Create speech session

Stream text to our servers and receive synthesized speech in real-time. Great for latency-sensitive applications and situations where you don't have all the text upfront.

Parameters

voice

string

required

The voice ID to use for synthesis, obtained from 'List voices' API

format

'mp3' | 'pcm_s16le' | 'pcm_f32le' | 'ulaw' | 'webm'

The desired output format of the audio.

language

'auto' | 'ar' | 'de' | 'en' | 'es' | 'fr' | 'hi' | 'id' | 'it' | 'ja' | 'ko' | 'nl' | 'pl' | 'pt' | 'ru' | 'sv' | 'th' | 'tr' | 'uk' | 'ur' | 'vi' | 'zh'

The desired language.

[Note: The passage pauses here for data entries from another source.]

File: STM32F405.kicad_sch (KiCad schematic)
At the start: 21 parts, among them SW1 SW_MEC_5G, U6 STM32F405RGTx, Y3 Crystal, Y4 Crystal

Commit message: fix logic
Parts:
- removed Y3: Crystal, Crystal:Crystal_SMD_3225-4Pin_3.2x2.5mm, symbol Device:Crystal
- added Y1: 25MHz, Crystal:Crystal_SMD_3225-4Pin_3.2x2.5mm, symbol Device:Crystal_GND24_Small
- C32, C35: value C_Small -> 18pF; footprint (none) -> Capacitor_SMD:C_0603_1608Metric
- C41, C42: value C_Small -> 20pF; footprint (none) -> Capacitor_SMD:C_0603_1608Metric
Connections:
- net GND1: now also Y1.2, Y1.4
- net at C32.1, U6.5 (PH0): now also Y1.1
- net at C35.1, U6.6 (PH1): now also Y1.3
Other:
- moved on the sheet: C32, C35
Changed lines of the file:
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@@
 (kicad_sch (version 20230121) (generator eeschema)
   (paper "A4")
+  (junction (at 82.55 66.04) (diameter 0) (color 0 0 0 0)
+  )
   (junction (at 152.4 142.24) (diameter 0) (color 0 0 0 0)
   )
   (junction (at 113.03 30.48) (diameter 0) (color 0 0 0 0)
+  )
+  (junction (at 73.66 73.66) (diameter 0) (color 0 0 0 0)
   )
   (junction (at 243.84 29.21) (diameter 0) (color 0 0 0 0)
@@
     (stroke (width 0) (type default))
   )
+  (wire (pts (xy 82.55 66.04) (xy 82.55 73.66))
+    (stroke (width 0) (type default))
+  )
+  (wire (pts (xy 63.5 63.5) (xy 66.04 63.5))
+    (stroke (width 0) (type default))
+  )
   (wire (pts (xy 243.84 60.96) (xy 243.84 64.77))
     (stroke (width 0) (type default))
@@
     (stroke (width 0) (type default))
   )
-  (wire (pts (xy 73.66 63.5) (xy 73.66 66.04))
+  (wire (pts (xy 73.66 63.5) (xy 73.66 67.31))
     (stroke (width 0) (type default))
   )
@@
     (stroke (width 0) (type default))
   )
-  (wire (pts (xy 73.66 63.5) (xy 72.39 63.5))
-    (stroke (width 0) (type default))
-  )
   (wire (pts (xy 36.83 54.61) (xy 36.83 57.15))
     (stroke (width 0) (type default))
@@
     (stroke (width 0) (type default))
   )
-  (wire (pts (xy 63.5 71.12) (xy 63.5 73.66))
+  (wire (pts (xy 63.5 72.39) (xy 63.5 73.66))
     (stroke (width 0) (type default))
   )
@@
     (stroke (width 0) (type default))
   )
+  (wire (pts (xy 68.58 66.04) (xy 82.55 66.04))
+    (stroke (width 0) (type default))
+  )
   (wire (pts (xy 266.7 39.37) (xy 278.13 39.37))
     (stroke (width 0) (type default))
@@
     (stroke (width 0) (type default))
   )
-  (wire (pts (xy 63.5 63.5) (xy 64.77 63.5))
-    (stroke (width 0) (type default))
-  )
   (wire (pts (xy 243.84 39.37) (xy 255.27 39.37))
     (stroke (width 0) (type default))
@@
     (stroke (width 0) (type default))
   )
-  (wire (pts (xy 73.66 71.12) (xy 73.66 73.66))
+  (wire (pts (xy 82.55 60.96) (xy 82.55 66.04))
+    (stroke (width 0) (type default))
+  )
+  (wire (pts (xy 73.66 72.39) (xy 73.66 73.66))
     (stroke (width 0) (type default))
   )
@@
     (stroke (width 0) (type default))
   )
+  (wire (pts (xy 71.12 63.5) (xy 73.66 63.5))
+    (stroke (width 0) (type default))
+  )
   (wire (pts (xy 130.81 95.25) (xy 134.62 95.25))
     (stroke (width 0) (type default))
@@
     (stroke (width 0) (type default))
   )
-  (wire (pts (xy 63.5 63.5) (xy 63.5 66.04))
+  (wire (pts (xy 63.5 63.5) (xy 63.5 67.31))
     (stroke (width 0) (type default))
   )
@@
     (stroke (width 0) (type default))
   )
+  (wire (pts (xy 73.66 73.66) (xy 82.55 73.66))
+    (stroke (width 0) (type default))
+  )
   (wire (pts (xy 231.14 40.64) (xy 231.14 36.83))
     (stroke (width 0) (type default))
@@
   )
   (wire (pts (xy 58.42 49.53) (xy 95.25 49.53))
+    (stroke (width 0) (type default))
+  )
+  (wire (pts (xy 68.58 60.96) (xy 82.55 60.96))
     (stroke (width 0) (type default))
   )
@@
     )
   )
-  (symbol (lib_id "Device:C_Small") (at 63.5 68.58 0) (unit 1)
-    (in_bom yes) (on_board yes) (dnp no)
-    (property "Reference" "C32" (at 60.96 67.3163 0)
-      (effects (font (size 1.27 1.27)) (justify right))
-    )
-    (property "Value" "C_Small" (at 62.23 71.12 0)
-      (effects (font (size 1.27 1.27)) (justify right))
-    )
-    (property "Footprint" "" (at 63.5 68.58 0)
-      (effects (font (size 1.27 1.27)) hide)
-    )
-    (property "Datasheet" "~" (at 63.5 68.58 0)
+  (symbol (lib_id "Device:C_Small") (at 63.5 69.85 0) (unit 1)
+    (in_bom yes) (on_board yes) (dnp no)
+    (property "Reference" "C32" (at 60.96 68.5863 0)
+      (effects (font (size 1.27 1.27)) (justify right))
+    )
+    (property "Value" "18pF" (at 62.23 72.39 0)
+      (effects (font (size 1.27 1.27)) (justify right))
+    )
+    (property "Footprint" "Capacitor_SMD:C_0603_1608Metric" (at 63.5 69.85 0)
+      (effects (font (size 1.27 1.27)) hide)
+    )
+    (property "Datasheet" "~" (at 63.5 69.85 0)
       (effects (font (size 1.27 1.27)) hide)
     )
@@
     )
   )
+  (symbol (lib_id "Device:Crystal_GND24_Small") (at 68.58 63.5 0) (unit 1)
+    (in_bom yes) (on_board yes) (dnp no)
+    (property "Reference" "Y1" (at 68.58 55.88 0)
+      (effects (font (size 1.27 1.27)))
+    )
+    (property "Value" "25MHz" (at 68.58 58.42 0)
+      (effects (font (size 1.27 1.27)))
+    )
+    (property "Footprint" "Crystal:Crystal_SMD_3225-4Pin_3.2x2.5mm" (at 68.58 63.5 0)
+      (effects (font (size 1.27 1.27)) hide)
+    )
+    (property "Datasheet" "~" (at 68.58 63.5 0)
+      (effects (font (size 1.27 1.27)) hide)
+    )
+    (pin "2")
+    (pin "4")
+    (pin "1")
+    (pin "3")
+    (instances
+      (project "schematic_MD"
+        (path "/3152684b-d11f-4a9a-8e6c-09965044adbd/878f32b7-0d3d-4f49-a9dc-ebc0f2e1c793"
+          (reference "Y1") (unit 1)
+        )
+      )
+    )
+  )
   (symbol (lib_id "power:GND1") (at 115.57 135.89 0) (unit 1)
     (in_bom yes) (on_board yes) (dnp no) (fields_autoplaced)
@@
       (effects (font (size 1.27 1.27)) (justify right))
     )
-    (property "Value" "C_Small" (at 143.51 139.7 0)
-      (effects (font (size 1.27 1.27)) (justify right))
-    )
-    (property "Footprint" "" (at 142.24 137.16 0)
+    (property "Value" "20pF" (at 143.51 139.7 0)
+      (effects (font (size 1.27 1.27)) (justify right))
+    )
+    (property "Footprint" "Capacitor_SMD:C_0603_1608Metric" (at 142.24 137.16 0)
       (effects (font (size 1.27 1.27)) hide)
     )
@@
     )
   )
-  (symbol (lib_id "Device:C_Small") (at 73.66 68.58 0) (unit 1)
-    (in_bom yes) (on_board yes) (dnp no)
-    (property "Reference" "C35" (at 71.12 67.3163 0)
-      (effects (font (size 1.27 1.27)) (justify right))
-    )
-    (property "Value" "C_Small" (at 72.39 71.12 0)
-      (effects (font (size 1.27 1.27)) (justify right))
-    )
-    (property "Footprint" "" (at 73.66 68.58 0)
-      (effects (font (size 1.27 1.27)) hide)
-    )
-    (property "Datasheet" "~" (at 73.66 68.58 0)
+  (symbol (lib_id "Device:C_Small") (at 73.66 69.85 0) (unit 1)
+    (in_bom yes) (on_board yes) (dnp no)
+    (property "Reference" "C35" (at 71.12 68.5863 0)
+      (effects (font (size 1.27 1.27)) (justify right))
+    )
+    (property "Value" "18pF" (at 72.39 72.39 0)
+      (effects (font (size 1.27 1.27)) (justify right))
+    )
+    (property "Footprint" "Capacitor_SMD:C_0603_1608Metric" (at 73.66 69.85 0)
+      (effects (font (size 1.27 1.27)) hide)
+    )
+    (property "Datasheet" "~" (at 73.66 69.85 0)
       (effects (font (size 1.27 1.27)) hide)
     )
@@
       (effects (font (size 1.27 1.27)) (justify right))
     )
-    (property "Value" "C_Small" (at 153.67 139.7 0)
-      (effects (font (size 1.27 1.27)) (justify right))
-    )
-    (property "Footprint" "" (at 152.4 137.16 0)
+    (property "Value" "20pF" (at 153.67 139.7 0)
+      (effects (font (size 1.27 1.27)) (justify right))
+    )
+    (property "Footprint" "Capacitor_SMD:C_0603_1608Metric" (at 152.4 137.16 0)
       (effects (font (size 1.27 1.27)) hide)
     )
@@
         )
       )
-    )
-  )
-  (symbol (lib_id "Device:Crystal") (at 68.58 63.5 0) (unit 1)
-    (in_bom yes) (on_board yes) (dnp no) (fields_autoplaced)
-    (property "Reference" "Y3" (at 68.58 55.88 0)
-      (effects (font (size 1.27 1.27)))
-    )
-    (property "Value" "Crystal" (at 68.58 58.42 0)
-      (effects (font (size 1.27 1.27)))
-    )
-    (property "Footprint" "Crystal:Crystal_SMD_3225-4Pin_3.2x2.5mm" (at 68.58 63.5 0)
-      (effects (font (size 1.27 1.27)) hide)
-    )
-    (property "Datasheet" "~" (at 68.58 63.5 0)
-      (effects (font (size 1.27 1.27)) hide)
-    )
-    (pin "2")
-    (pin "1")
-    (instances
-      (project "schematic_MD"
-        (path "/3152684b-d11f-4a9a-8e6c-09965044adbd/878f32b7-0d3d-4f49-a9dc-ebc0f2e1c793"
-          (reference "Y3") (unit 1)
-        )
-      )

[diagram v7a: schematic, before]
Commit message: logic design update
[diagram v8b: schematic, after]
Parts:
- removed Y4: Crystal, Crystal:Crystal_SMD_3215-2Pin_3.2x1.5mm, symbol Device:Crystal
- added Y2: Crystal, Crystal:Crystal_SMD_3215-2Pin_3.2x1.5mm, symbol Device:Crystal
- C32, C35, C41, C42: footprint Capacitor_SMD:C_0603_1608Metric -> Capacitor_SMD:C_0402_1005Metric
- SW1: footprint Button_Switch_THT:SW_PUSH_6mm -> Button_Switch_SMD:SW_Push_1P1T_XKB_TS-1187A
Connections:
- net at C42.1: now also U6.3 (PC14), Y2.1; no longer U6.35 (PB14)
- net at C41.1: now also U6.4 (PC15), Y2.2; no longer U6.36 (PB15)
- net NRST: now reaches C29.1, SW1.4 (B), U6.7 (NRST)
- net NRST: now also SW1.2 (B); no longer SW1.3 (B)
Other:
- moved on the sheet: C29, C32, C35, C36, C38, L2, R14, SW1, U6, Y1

Two letter ISO 639-1 code. Defaults to auto language detection.

return_extras

boolean

Controls whether the server will return extra information about the synthesis

sample_rate

24000 | 16000 | 8000

The desired output audio sample rate

Returns

class SpeechSession: …

Send

appendText(text: string)

void

The text you send can be split at any point.

flush()

number

You will be notified when the server has finished synthesizing all the text that it has by the buffer_empty field in the extra information, if you have requested extras in your initMessage.

reset()

number

Reset the current text buffer.

finish()

void

Inform the server you're done appending text to this session and want it to close when the server has finished dispatching audio.

Receive

AudioMessage

Yielded for each binary audio frame received from the server.

ExtrasMessage

Note that the extra data JSON is always sent before the audio chunk that it corresponds to. Take care to interpret incoming data correctly. Audio is sent as bytes and extra data is sent as a string.

ErrorMessage

Error message returned by the server

CompleteMessage

Acknowledgement for flush/reset commands. Yielded after the server finishes synthesising audio for the corresponding command.